In our study, eleven genera (Streptococcus, Neisseria, Scardovia, Porphyromonas, Fusobacteria, Lautropia, Veillonella, Capnocytophaga, Rithia, Leptotrichia and Prevotella) of microbes were found and Streptococcus spp. and Neisseria spp. represented over 80% of samples. Likewise, a similar distribution has been shown in previous surveys [3, 31, 55]. Veillonella, Capnocytophaga, Neisseria, Rithia, Leptotrichia and Prevotella were detected in both irradiated groups, which matched the results of previous studies [3, 31]. Other genera, such as Granulicatella and Gemella, were detected by Hu et al. partly because they had planted in oral cavity before RT began. Porphyromonas and Fusobacteria were observed in both groups partly because they had been shown to be healthy oral genera in previous studies [56]. Scardovia has been shown to be significantly increased in cavitated dentin lesions of children [57]. It is reasonable to expect factors such as age, diet and life-style to affect oral microbial community structures [58]. In spite of differences between individuals, there were no statistical differences in the distribution of taxa in both the RCF and RC groups. Alternatively, a similar composition of major species may explain the same diversity index found in RCF and RC subjects, due in part to the same destruction of salivary function brought on by radiotherapy [2, 59]. However, contrary to our hypothesis, our data showed a weak correlation between major microbial species with the absence of radiation caries.

In this study, we also adapted traditional method to culture LB and MS from stimulated saliva. Interestingly, the number of MS we found is consistent with previously published figures, while the number of LB is not in agreement [28, 60]. The log CFU counts of LB were lower than the previously reported 4 or 5. However, as discussed above, most of the previous reports focused on irradiated patients within the first 6 months after ordinary RT [27, 28] or within the first year after ordinary RT[14]. From the sixth month after RT, LB partly returns to its baseline composition [12]. In this study, we used both traditional microbial culture as well as molecular biology techniques to minimize the bias in each assay. However, the limitation of DGGE should not be ignored and levels of certain microbes in the samples may be below the detection limit of PCR (102 cells) [61]or DGGE (103 cells) [62]. The visible bands are considered to be from species that represent more than 1% of the sample microbiota [63]. Our data showed that the number of LB was below 103. This may explain why LB was not detected when microbial diversity was investigated with DGGE. In agreement with previous reports, LB was absent in studies employing the Human Oral Microbe Identification Microarray (HOMIM) [52, 64]. As the same quantity of LB and MS were detected in both the RCF and RC groups, we observed a weak correlation with the absence of radiation caries, and the role of LB and MS in the process of developing radiation caries may have been overestimated.

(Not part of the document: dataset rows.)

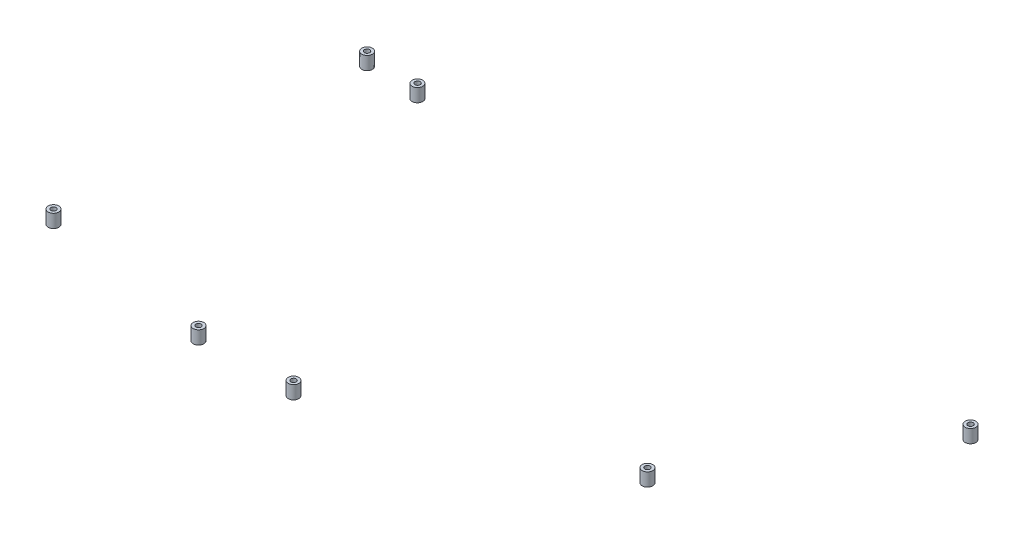
ISO-10303-21;
HEADER;
FILE_DESCRIPTION(('STEP AP214'),'2;1');
FILE_NAME('part.step','',(''),(''),'','','');
FILE_SCHEMA(('AUTOMOTIVE_DESIGN { 1 0 10303 214 1 1 1 1 }'));
ENDSEC;
DATA;
#1=APPLICATION_CONTEXT('core data for automotive mechanical design processes');
#2=APPLICATION_PROTOCOL_DEFINITION('international standard','automotive_design',2000,#1);
#3=PRODUCT_CONTEXT('',#1,'mechanical');
#4=PRODUCT('Part','Part','',(#3));
#5=PRODUCT_RELATED_PRODUCT_CATEGORY('part','',(#4));
#6=PRODUCT_DEFINITION_FORMATION('','',#4);
#7=PRODUCT_DEFINITION_CONTEXT('part definition',#1,'design');
#8=PRODUCT_DEFINITION('design','',#6,#7);
#9=PRODUCT_DEFINITION_SHAPE('','',#8);
#10=(LENGTH_UNIT() NAMED_UNIT(*) SI_UNIT(.MILLI.,.METRE.));
#11=(NAMED_UNIT(*) PLANE_ANGLE_UNIT() SI_UNIT($,.RADIAN.));
#12=(NAMED_UNIT(*) SI_UNIT($,.STERADIAN.) SOLID_ANGLE_UNIT());
#13=UNCERTAINTY_MEASURE_WITH_UNIT(LENGTH_MEASURE(1.E-05),#10,'distance_accuracy_value','');
#14=(GEOMETRIC_REPRESENTATION_CONTEXT(3) GLOBAL_UNCERTAINTY_ASSIGNED_CONTEXT((#13)) GLOBAL_UNIT_ASSIGNED_CONTEXT((#10,
#11,#12)) REPRESENTATION_CONTEXT('',''));
#15=CARTESIAN_POINT('',(0.,0.,0.));
#16=DIRECTION('',(0.,0.,1.));
#17=DIRECTION('',(1.,0.,0.));
#18=AXIS2_PLACEMENT_3D('',#15,#16,#17);
#19=CARTESIAN_POINT('',(-572.687982615384,445.3,-206.365683114483));
#20=DIRECTION('',(0.,1.,0.));
#21=DIRECTION('',(0.,0.,-1.));
#22=AXIS2_PLACEMENT_3D('',#19,#20,#21);
#23=CYLINDRICAL_SURFACE('',#22,3.99999999999989);
#24=CARTESIAN_POINT('',(-572.687982615384,445.3,-206.365683114483));
#25=DIRECTION('',(0.,-1.,0.));
#26=DIRECTION('',(0.,0.,-1.));
#27=AXIS2_PLACEMENT_3D('',#24,#25,#26);
#28=CIRCLE('',#27,3.99999999999989);
#29=CARTESIAN_POINT('',(-572.687982615384,445.3,-210.365683114483));
#30=VERTEX_POINT('',#29);
#31=EDGE_CURVE('E11',#30,#30,#28,.T.);
#32=ORIENTED_EDGE('',*,*,#31,.F.);
#33=EDGE_LOOP('',(#32));
#34=FACE_BOUND('',#33,.T.);
#35=CARTESIAN_POINT('',(-572.687982615384,455.3,-206.365683114483));
#36=DIRECTION('',(0.,-1.,0.));
#37=DIRECTION('',(0.,0.,-1.));
#38=AXIS2_PLACEMENT_3D('',#35,#36,#37);
#39=CIRCLE('',#38,3.99999999999989);
#40=CARTESIAN_POINT('',(-572.687982615384,455.3,-210.365683114483));
#41=VERTEX_POINT('',#40);
#42=EDGE_CURVE('E47',#41,#41,#39,.T.);
#43=ORIENTED_EDGE('',*,*,#42,.T.);
#44=EDGE_LOOP('',(#43));
#45=FACE_BOUND('',#44,.T.);
#46=ADVANCED_FACE('F44',(#34,#45),#23,.T.);
#47=CARTESIAN_POINT('',(-572.687982615384,445.3,-206.365683114483));
#48=DIRECTION('',(0.,1.,0.));
#49=DIRECTION('',(0.,0.,-1.));
#50=AXIS2_PLACEMENT_3D('',#47,#48,#49);
#51=PLANE('',#50);
#52=CARTESIAN_POINT('',(-572.687982615384,445.3,-206.365683114483));
#53=DIRECTION('',(0.,-1.,0.));
#54=DIRECTION('',(0.,0.,-1.));
#55=AXIS2_PLACEMENT_3D('',#52,#53,#54);
#56=CIRCLE('',#55,1.99999999999989);
#57=CARTESIAN_POINT('',(-572.687982615384,445.3,-208.365683114483));
#58=VERTEX_POINT('',#57);
#59=EDGE_CURVE('E54',#58,#58,#56,.T.);
#60=ORIENTED_EDGE('',*,*,#59,.F.);
#61=EDGE_LOOP('',(#60));
#62=FACE_BOUND('',#61,.T.);
#63=ORIENTED_EDGE('',*,*,#31,.T.);
#64=EDGE_LOOP('',(#63));
#65=FACE_BOUND('',#64,.T.);
#66=ADVANCED_FACE('F65',(#62,#65),#51,.F.);
#67=CARTESIAN_POINT('',(-572.687982615384,455.3,-206.365683114483));
#68=DIRECTION('',(0.,1.,0.));
#69=DIRECTION('',(0.,0.,-1.));
#70=AXIS2_PLACEMENT_3D('',#67,#68,#69);
#71=PLANE('',#70);
#72=CARTESIAN_POINT('',(-572.687982615384,455.3,-206.365683114483));
#73=DIRECTION('',(0.,-1.,0.));
#74=DIRECTION('',(0.,0.,-1.));
#75=AXIS2_PLACEMENT_3D('',#72,#73,#74);
#76=CIRCLE('',#75,1.99999999999989);
#77=CARTESIAN_POINT('',(-572.687982615384,455.3,-208.365683114483));
#78=VERTEX_POINT('',#77);
#79=EDGE_CURVE('E56',#78,#78,#76,.T.);
#80=ORIENTED_EDGE('',*,*,#79,.T.);
#81=EDGE_LOOP('',(#80));
#82=FACE_BOUND('',#81,.T.);
#83=ORIENTED_EDGE('',*,*,#42,.F.);
#84=EDGE_LOOP('',(#83));
#85=FACE_BOUND('',#84,.T.);
#86=ADVANCED_FACE('F67',(#82,#85),#71,.T.);
#87=CARTESIAN_POINT('',(-572.687982615384,445.3,-206.365683114483));
#88=DIRECTION('',(0.,1.,0.));
#89=DIRECTION('',(0.,0.,-1.));
#90=AXIS2_PLACEMENT_3D('',#87,#88,#89);
#91=CYLINDRICAL_SURFACE('',#90,1.99999999999989);
#92=ORIENTED_EDGE('',*,*,#59,.T.);
#93=EDGE_LOOP('',(#92));
#94=FACE_BOUND('',#93,.T.);
#95=ORIENTED_EDGE('',*,*,#79,.F.);
#96=EDGE_LOOP('',(#95));
#97=FACE_BOUND('',#96,.T.);
#98=ADVANCED_FACE('F62',(#94,#97),#91,.F.);
#99=CLOSED_SHELL('',(#46,#66,#86,#98));
#100=MANIFOLD_SOLID_BREP('B2',#99);
#101=CARTESIAN_POINT('',(-441.66371710956,445.3,-184.906368668602));
#102=DIRECTION('',(0.,1.,0.));
#103=DIRECTION('',(0.,0.,-1.));
#104=AXIS2_PLACEMENT_3D('',#101,#102,#103);
#105=CYLINDRICAL_SURFACE('',#104,3.99999999999999);
#106=CARTESIAN_POINT('',(-441.66371710956,445.3,-184.906368668602));
#107=DIRECTION('',(0.,-1.,0.));
#108=DIRECTION('',(0.,0.,-1.));
#109=AXIS2_PLACEMENT_3D('',#106,#107,#108);
#110=CIRCLE('',#109,3.99999999999999);
#111=CARTESIAN_POINT('',(-441.66371710956,445.3,-188.906368668602));
#112=VERTEX_POINT('',#111);
#113=EDGE_CURVE('E43',#112,#112,#110,.T.);
#114=ORIENTED_EDGE('',*,*,#113,.F.);
#115=EDGE_LOOP('',(#114));
#116=FACE_BOUND('',#115,.T.);
#117=CARTESIAN_POINT('',(-441.66371710956,455.3,-184.906368668602));
#118=DIRECTION('',(0.,-1.,0.));
#119=DIRECTION('',(0.,0.,-1.));
#120=AXIS2_PLACEMENT_3D('',#117,#118,#119);
#121=CIRCLE('',#120,3.99999999999999);
#122=CARTESIAN_POINT('',(-441.66371710956,455.3,-188.906368668602));
#123=VERTEX_POINT('',#122);
#124=EDGE_CURVE('E117',#123,#123,#121,.T.);
#125=ORIENTED_EDGE('',*,*,#124,.T.);
#126=EDGE_LOOP('',(#125));
#127=FACE_BOUND('',#126,.T.);
#128=ADVANCED_FACE('F114',(#116,#127),#105,.T.);
#129=CARTESIAN_POINT('',(-441.66371710956,445.3,-184.906368668602));
#130=DIRECTION('',(0.,1.,0.));
#131=DIRECTION('',(0.,0.,-1.));
#132=AXIS2_PLACEMENT_3D('',#129,#130,#131);
#133=PLANE('',#132);
#134=CARTESIAN_POINT('',(-441.66371710956,445.3,-184.906368668602));
#135=DIRECTION('',(0.,-1.,0.));
#136=DIRECTION('',(0.,0.,-1.));
#137=AXIS2_PLACEMENT_3D('',#134,#135,#136);
#138=CIRCLE('',#137,2.);
#139=CARTESIAN_POINT('',(-441.66371710956,445.3,-186.906368668602));
#140=VERTEX_POINT('',#139);
#141=EDGE_CURVE('E124',#140,#140,#138,.T.);
#142=ORIENTED_EDGE('',*,*,#141,.F.);
#143=EDGE_LOOP('',(#142));
#144=FACE_BOUND('',#143,.T.);
#145=ORIENTED_EDGE('',*,*,#113,.T.);
#146=EDGE_LOOP('',(#145));
#147=FACE_BOUND('',#146,.T.);
#148=ADVANCED_FACE('F135',(#144,#147),#133,.F.);
#149=CARTESIAN_POINT('',(-441.66371710956,455.3,-184.906368668602));
#150=DIRECTION('',(0.,1.,0.));
#151=DIRECTION('',(0.,0.,-1.));
#152=AXIS2_PLACEMENT_3D('',#149,#150,#151);
#153=PLANE('',#152);
#154=CARTESIAN_POINT('',(-441.66371710956,455.3,-184.906368668602));
#155=DIRECTION('',(0.,-1.,0.));
#156=DIRECTION('',(0.,0.,-1.));
#157=AXIS2_PLACEMENT_3D('',#154,#155,#156);
#158=CIRCLE('',#157,2.);
#159=CARTESIAN_POINT('',(-441.66371710956,455.3,-186.906368668602));
#160=VERTEX_POINT('',#159);
#161=EDGE_CURVE('E126',#160,#160,#158,.T.);
#162=ORIENTED_EDGE('',*,*,#161,.T.);
#163=EDGE_LOOP('',(#162));
#164=FACE_BOUND('',#163,.T.);
#165=ORIENTED_EDGE('',*,*,#124,.F.);
#166=EDGE_LOOP('',(#165));
#167=FACE_BOUND('',#166,.T.);
#168=ADVANCED_FACE('F137',(#164,#167),#153,.T.);
#169=CARTESIAN_POINT('',(-441.66371710956,445.3,-184.906368668602));
#170=DIRECTION('',(0.,1.,0.));
#171=DIRECTION('',(0.,0.,-1.));
#172=AXIS2_PLACEMENT_3D('',#169,#170,#171);
#173=CYLINDRICAL_SURFACE('',#172,2.);
#174=ORIENTED_EDGE('',*,*,#141,.T.);
#175=EDGE_LOOP('',(#174));
#176=FACE_BOUND('',#175,.T.);
#177=ORIENTED_EDGE('',*,*,#161,.F.);
#178=EDGE_LOOP('',(#177));
#179=FACE_BOUND('',#178,.T.);
#180=ADVANCED_FACE('F132',(#176,#179),#173,.F.);
#181=CLOSED_SHELL('',(#128,#148,#168,#180));
#182=MANIFOLD_SOLID_BREP('B6',#181);
#183=CARTESIAN_POINT('',(-369.907883248264,445.3,-184.906368668627));
#184=DIRECTION('',(0.,1.,0.));
#185=DIRECTION('',(0.,0.,-1.));
#186=AXIS2_PLACEMENT_3D('',#183,#184,#185);
#187=CYLINDRICAL_SURFACE('',#186,3.99999999999999);
#188=CARTESIAN_POINT('',(-369.907883248264,445.3,-184.906368668627));
#189=DIRECTION('',(0.,-1.,0.));
#190=DIRECTION('',(0.,0.,-1.));
#191=AXIS2_PLACEMENT_3D('',#188,#189,#190);
#192=CIRCLE('',#191,3.99999999999999);
#193=CARTESIAN_POINT('',(-369.907883248264,445.3,-188.906368668627));
#194=VERTEX_POINT('',#193);
#195=EDGE_CURVE('E113',#194,#194,#192,.T.);
#196=ORIENTED_EDGE('',*,*,#195,.F.);
#197=EDGE_LOOP('',(#196));
#198=FACE_BOUND('',#197,.T.);
#199=CARTESIAN_POINT('',(-369.907883248264,455.3,-184.906368668627));
#200=DIRECTION('',(0.,-1.,0.));
#201=DIRECTION('',(0.,0.,-1.));
#202=AXIS2_PLACEMENT_3D('',#199,#200,#201);
#203=CIRCLE('',#202,3.99999999999999);
#204=CARTESIAN_POINT('',(-369.907883248264,455.3,-188.906368668627));
#205=VERTEX_POINT('',#204);
#206=EDGE_CURVE('E187',#205,#205,#203,.T.);
#207=ORIENTED_EDGE('',*,*,#206,.T.);
#208=EDGE_LOOP('',(#207));
#209=FACE_BOUND('',#208,.T.);
#210=ADVANCED_FACE('F184',(#198,#209),#187,.T.);
#211=CARTESIAN_POINT('',(-369.907883248264,445.3,-184.906368668627));
#212=DIRECTION('',(0.,1.,0.));
#213=DIRECTION('',(0.,0.,-1.));
#214=AXIS2_PLACEMENT_3D('',#211,#212,#213);
#215=PLANE('',#214);
#216=CARTESIAN_POINT('',(-369.907883248264,445.3,-184.906368668627));
#217=DIRECTION('',(0.,-1.,0.));
#218=DIRECTION('',(0.,0.,-1.));
#219=AXIS2_PLACEMENT_3D('',#216,#217,#218);
#220=CIRCLE('',#219,2.);
#221=CARTESIAN_POINT('',(-369.907883248264,445.3,-186.906368668627));
#222=VERTEX_POINT('',#221);
#223=EDGE_CURVE('E194',#222,#222,#220,.T.);
#224=ORIENTED_EDGE('',*,*,#223,.F.);
#225=EDGE_LOOP('',(#224));
#226=FACE_BOUND('',#225,.T.);
#227=ORIENTED_EDGE('',*,*,#195,.T.);
#228=EDGE_LOOP('',(#227));
#229=FACE_BOUND('',#228,.T.);
#230=ADVANCED_FACE('F205',(#226,#229),#215,.F.);
#231=CARTESIAN_POINT('',(-369.907883248264,455.3,-184.906368668627));
#232=DIRECTION('',(0.,1.,0.));
#233=DIRECTION('',(0.,0.,-1.));
#234=AXIS2_PLACEMENT_3D('',#231,#232,#233);
#235=PLANE('',#234);
#236=CARTESIAN_POINT('',(-369.907883248264,455.3,-184.906368668627));
#237=DIRECTION('',(0.,-1.,0.));
#238=DIRECTION('',(0.,0.,-1.));
#239=AXIS2_PLACEMENT_3D('',#236,#237,#238);
#240=CIRCLE('',#239,2.);
#241=CARTESIAN_POINT('',(-369.907883248264,455.3,-186.906368668627));
#242=VERTEX_POINT('',#241);
#243=EDGE_CURVE('E196',#242,#242,#240,.T.);
#244=ORIENTED_EDGE('',*,*,#243,.T.);
#245=EDGE_LOOP('',(#244));
#246=FACE_BOUND('',#245,.T.);
#247=ORIENTED_EDGE('',*,*,#206,.F.);
#248=EDGE_LOOP('',(#247));
#249=FACE_BOUND('',#248,.T.);
#250=ADVANCED_FACE('F207',(#246,#249),#235,.T.);
#251=CARTESIAN_POINT('',(-369.907883248264,445.3,-184.906368668627));
#252=DIRECTION('',(0.,1.,0.));
#253=DIRECTION('',(0.,0.,-1.));
#254=AXIS2_PLACEMENT_3D('',#251,#252,#253);
#255=CYLINDRICAL_SURFACE('',#254,2.);
#256=ORIENTED_EDGE('',*,*,#223,.T.);
#257=EDGE_LOOP('',(#256));
#258=FACE_BOUND('',#257,.T.);
#259=ORIENTED_EDGE('',*,*,#243,.F.);
#260=EDGE_LOOP('',(#259));
#261=FACE_BOUND('',#260,.T.);
#262=ADVANCED_FACE('F202',(#258,#261),#255,.F.);
#263=CLOSED_SHELL('',(#210,#230,#250,#262));
#264=MANIFOLD_SOLID_BREP('B38',#263);
#265=CARTESIAN_POINT('',(-179.166238959035,445.3,-261.544556892205));
#266=DIRECTION('',(0.,1.,0.));
#267=DIRECTION('',(0.,0.,-1.));
#268=AXIS2_PLACEMENT_3D('',#265,#266,#267);
#269=CYLINDRICAL_SURFACE('',#268,3.99999999925614);
#270=CARTESIAN_POINT('',(-179.166238959035,445.3,-261.544556892205));
#271=DIRECTION('',(0.,-1.,0.));
#272=DIRECTION('',(0.,0.,-1.));
#273=AXIS2_PLACEMENT_3D('',#270,#271,#272);
#274=CIRCLE('',#273,3.99999999925614);
#275=CARTESIAN_POINT('',(-179.166238959035,445.3,-265.544556891461));
#276=VERTEX_POINT('',#275);
#277=EDGE_CURVE('E183',#276,#276,#274,.T.);
#278=ORIENTED_EDGE('',*,*,#277,.F.);
#279=EDGE_LOOP('',(#278));
#280=FACE_BOUND('',#279,.T.);
#281=CARTESIAN_POINT('',(-179.166238959035,455.3,-261.544556892205));
#282=DIRECTION('',(0.,-1.,0.));
#283=DIRECTION('',(0.,0.,-1.));
#284=AXIS2_PLACEMENT_3D('',#281,#282,#283);
#285=CIRCLE('',#284,3.99999999925614);
#286=CARTESIAN_POINT('',(-179.166238959035,455.3,-265.544556891461));
#287=VERTEX_POINT('',#286);
#288=EDGE_CURVE('E257',#287,#287,#285,.T.);
#289=ORIENTED_EDGE('',*,*,#288,.T.);
#290=EDGE_LOOP('',(#289));
#291=FACE_BOUND('',#290,.T.);
#292=ADVANCED_FACE('F254',(#280,#291),#269,.T.);
#293=CARTESIAN_POINT('',(-179.166238959035,445.3,-261.544556892205));
#294=DIRECTION('',(0.,1.,0.));
#295=DIRECTION('',(0.,0.,-1.));
#296=AXIS2_PLACEMENT_3D('',#293,#294,#295);
#297=PLANE('',#296);
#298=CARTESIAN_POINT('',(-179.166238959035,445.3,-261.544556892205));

In our study, we found lower levels of plaque index (PL) in RCF group participants than RC group participants (p = 0.038). Since PL is a direct assessment of the oral hygiene level, a significant difference in PL indicates that the RCF group has better oral hygiene than the RC group. However, the cross-section nature of this project did not allow for any causative statements. Therefore, the question of whether bad oral hygiene was a causative factor in foregoes radiation caries development or whether it is a result of radiation caries could not be addressed.

Conclusion

In conclusion, in this study we find no clear correlation between the characteristics of patient salivary microbiota and radiation caries one year after IMRT. Our results suggest that salivary function in irradiated patients does not recovered fully after 12–36 months, but the pH value and buffering capacity of saliva return to normal after one year or more following IMRT. However, population-based longitudinal studies are required to reveal the factors for the absence of radiation caries.